Start of SOURCE DATA
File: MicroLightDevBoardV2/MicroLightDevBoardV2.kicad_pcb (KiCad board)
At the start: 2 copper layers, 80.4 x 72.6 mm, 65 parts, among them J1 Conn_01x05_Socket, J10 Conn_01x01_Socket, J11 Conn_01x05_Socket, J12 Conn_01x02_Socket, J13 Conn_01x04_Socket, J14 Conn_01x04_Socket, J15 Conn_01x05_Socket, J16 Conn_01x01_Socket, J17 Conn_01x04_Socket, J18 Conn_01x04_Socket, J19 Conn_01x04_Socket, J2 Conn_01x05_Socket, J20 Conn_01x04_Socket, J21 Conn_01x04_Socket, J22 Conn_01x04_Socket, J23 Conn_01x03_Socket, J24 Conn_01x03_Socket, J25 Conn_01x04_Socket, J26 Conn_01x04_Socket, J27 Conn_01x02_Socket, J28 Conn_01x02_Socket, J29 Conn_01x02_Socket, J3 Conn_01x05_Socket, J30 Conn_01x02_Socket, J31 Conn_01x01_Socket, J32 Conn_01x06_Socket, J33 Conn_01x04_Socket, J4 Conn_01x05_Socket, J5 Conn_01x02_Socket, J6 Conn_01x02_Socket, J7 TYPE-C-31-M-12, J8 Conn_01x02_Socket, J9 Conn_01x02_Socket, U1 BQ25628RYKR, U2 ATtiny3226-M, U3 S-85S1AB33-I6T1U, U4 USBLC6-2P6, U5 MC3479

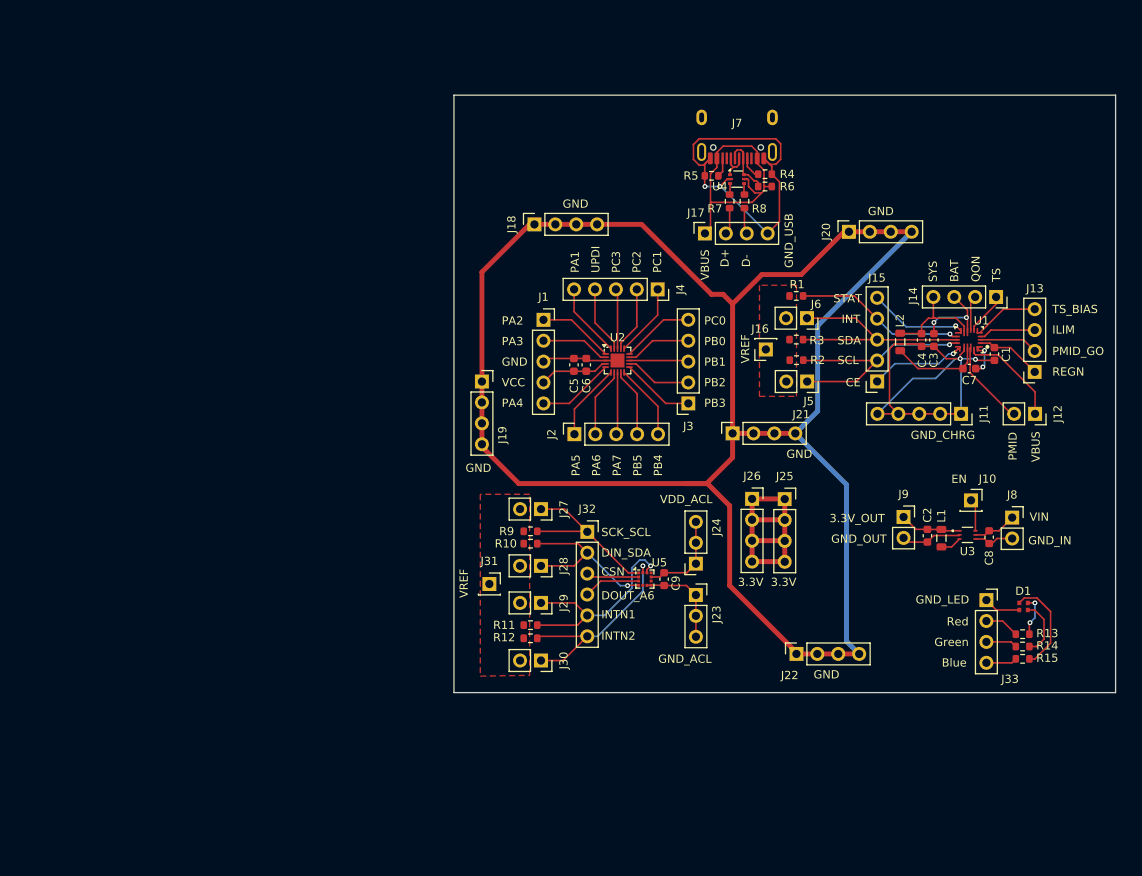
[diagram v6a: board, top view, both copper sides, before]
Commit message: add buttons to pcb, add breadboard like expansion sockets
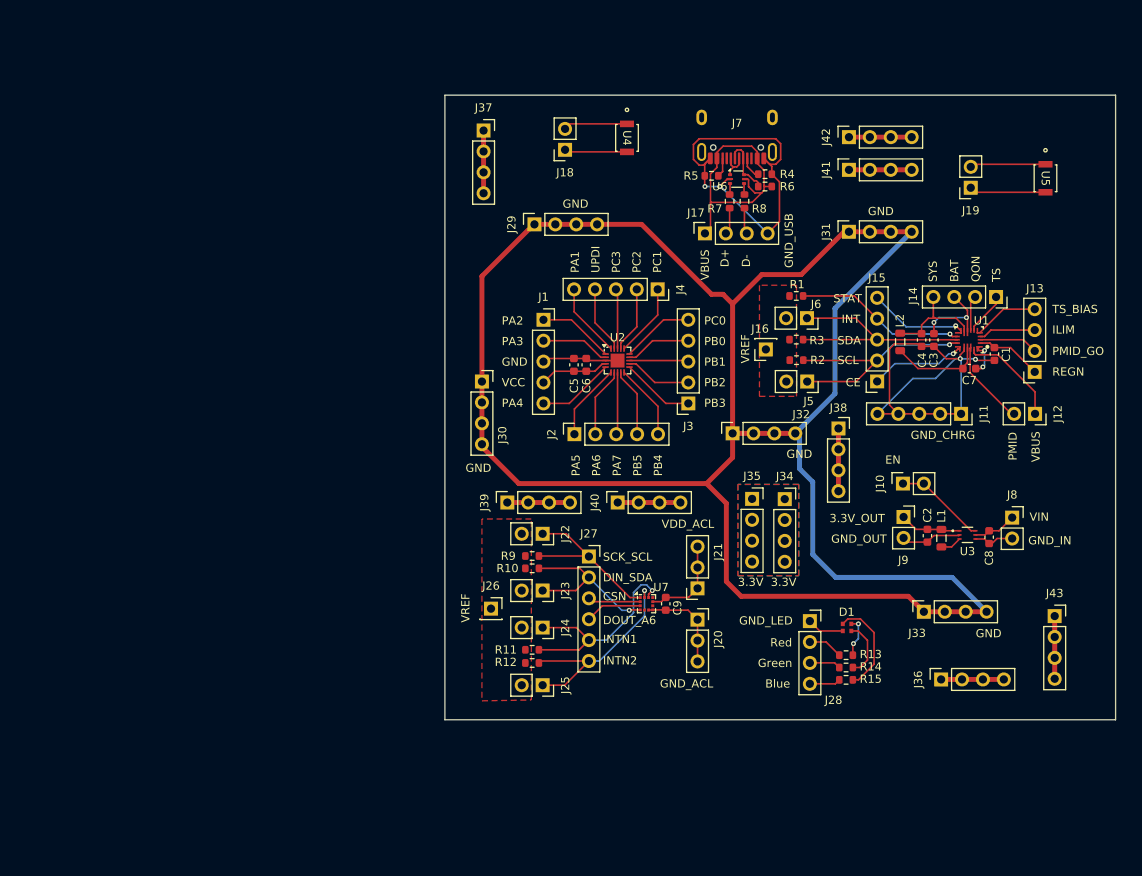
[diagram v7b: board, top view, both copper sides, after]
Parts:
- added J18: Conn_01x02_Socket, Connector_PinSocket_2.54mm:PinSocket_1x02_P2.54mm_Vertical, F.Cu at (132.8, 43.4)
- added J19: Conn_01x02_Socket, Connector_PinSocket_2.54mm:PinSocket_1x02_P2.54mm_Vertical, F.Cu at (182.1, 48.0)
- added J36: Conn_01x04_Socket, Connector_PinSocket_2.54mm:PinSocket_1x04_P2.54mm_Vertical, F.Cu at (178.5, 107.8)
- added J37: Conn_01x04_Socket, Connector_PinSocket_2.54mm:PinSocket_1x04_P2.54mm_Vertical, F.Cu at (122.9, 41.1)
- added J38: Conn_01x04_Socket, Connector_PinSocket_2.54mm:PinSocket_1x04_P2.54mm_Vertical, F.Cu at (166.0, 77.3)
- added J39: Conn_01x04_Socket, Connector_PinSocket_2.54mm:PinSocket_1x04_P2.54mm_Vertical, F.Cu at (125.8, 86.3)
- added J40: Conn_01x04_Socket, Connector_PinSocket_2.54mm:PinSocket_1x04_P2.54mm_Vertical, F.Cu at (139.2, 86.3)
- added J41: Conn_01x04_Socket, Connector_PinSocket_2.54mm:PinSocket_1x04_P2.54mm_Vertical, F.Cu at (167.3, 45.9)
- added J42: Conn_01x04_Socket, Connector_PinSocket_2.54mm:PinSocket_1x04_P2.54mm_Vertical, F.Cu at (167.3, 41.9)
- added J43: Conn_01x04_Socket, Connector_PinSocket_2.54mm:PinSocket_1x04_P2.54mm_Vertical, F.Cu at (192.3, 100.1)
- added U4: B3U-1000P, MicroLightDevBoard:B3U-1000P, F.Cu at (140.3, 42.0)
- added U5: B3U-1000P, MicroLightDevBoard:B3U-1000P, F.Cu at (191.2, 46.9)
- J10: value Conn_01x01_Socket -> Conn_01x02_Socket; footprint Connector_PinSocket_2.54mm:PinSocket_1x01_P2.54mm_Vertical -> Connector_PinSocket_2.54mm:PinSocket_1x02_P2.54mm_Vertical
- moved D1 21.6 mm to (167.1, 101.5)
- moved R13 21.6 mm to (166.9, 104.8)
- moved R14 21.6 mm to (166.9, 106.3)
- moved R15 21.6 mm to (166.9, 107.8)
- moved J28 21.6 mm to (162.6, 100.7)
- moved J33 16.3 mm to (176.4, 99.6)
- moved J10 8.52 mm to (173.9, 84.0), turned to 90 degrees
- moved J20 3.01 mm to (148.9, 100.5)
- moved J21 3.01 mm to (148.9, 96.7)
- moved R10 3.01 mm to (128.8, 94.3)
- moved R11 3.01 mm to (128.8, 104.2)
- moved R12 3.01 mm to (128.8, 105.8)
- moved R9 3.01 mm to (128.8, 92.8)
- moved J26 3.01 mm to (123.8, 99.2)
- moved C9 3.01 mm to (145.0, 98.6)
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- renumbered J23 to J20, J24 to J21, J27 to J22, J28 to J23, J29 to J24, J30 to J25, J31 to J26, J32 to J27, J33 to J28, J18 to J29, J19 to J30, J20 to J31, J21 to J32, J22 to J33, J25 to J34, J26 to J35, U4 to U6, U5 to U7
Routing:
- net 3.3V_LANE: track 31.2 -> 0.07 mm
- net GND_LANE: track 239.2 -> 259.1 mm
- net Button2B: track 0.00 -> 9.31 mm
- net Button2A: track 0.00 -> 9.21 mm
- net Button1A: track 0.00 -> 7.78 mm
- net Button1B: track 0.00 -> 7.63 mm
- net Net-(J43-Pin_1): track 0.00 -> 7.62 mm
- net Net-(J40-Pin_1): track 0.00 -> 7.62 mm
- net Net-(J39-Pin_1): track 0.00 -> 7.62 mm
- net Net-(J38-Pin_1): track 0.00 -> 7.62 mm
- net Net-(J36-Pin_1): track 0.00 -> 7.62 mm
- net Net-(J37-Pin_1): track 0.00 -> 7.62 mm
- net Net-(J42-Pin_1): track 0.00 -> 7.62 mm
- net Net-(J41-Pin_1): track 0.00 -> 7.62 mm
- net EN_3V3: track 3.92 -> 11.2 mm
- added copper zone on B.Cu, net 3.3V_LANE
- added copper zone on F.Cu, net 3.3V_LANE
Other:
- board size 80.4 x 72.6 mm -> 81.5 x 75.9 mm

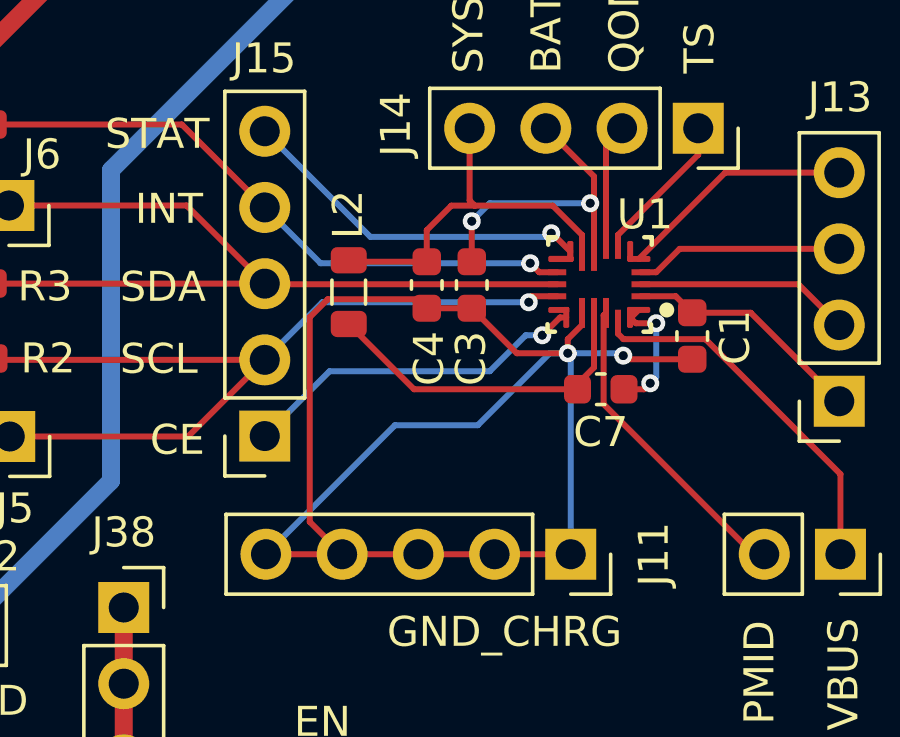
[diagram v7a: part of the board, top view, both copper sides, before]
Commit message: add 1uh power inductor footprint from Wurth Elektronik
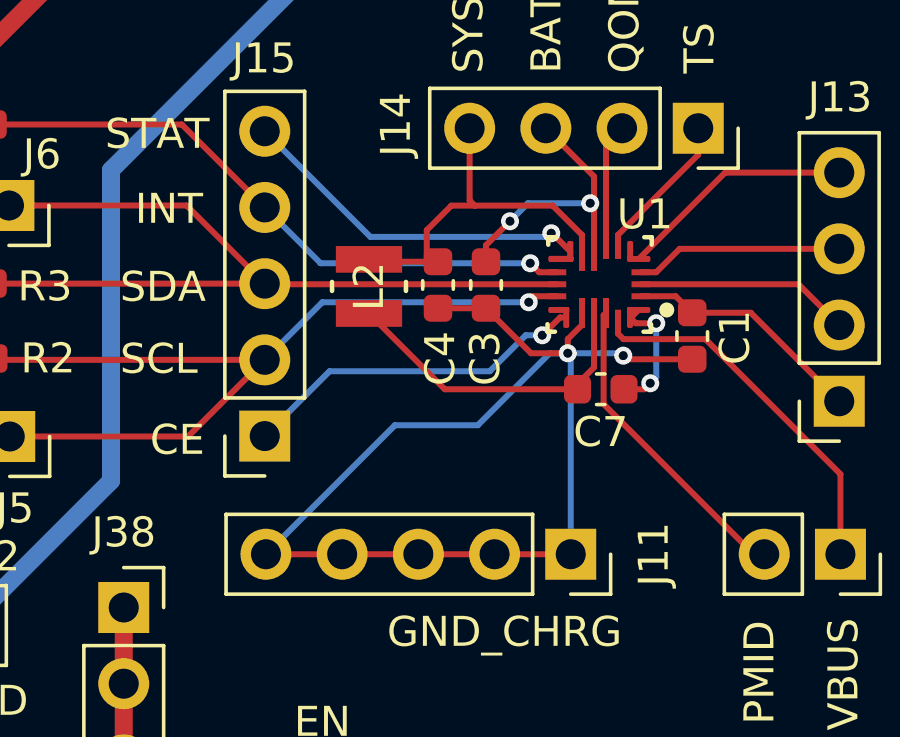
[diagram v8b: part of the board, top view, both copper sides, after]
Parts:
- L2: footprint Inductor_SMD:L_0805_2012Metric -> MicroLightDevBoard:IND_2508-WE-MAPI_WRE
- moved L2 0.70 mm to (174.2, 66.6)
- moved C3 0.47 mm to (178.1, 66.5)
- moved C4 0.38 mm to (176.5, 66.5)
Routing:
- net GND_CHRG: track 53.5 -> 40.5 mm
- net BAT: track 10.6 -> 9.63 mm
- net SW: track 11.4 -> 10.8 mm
End of SOURCE DATA
### PROMPT:
Filter the preceding entries down to the lines with "zone".

### EXERCISE SOLUTION:
- added copper zone on B.Cu, net 3.3V_LANE
- added copper zone on F.Cu, net 3.3V_LANE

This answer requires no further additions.